— WORK TASK —
Reproduce verbatim the line where "point P14 (100, 75)" occurs, along with all following lines down to the last line of the data.

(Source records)
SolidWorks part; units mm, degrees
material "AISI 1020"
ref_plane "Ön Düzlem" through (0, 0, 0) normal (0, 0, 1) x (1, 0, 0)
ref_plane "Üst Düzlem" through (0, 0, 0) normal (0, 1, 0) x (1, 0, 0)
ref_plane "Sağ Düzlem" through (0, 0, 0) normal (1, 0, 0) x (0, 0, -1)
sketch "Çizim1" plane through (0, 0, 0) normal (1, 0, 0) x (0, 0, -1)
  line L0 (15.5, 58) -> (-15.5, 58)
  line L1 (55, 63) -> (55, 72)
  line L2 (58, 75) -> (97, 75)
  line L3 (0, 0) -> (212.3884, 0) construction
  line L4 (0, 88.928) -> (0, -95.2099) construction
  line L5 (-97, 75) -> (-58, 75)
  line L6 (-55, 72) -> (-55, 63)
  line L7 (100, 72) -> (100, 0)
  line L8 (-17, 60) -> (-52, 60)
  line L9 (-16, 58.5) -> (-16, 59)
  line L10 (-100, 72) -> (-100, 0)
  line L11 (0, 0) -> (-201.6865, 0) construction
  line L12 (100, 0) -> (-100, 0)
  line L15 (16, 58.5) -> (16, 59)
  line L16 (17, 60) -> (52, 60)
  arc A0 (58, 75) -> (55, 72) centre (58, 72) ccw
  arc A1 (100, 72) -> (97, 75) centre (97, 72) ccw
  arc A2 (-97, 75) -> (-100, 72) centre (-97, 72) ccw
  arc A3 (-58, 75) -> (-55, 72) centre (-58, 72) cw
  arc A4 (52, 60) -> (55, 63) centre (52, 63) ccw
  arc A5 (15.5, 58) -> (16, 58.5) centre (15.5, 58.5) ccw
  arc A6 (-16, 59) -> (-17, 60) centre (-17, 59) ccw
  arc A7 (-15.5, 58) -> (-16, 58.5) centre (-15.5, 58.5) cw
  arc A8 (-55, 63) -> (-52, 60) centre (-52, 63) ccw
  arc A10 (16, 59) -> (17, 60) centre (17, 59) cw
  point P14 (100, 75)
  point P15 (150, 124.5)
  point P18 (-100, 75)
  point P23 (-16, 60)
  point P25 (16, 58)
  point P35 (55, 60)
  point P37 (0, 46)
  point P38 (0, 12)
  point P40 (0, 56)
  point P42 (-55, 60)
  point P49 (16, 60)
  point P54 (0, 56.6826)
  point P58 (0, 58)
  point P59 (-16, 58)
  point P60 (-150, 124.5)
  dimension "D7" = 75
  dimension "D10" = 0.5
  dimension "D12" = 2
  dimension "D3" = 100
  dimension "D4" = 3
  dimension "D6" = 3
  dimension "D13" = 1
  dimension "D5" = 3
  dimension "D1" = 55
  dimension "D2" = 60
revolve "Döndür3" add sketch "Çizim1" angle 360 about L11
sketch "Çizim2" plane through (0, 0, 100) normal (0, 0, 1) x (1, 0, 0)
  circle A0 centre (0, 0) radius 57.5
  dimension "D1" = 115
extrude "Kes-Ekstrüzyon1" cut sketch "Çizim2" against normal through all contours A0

— RESPONSE —
  point P14 (100, 75)
  point P15 (150, 124.5)
  point P18 (-100, 75)
  point P23 (-16, 60)
  point P25 (16, 58)
  point P35 (55, 60)
  point P37 (0, 46)
  point P38 (0, 12)
  point P40 (0, 56)
  point P42 (-55, 60)
  point P49 (16, 60)
  point P54 (0, 56.6826)
  point P58 (0, 58)
  point P59 (-16, 58)
  point P60 (-150, 124.5)
  dimension "D7" = 75
  dimension "D10" = 0.5
  dimension "D12" = 2
  dimension "D3" = 100
  dimension "D4" = 3
  dimension "D6" = 3
  dimension "D13" = 1
  dimension "D5" = 3
  dimension "D1" = 55
  dimension "D2" = 60
revolve "Döndür3" add sketch "Çizim1" angle 360 about L11
sketch "Çizim2" plane through (0, 0, 100) normal (0, 0, 1) x (1, 0, 0)
  circle A0 centre (0, 0) radius 57.5
  dimension "D1" = 115
extrude "Kes-Ekstrüzyon1" cut sketch "Çizim2" against normal through all contours A0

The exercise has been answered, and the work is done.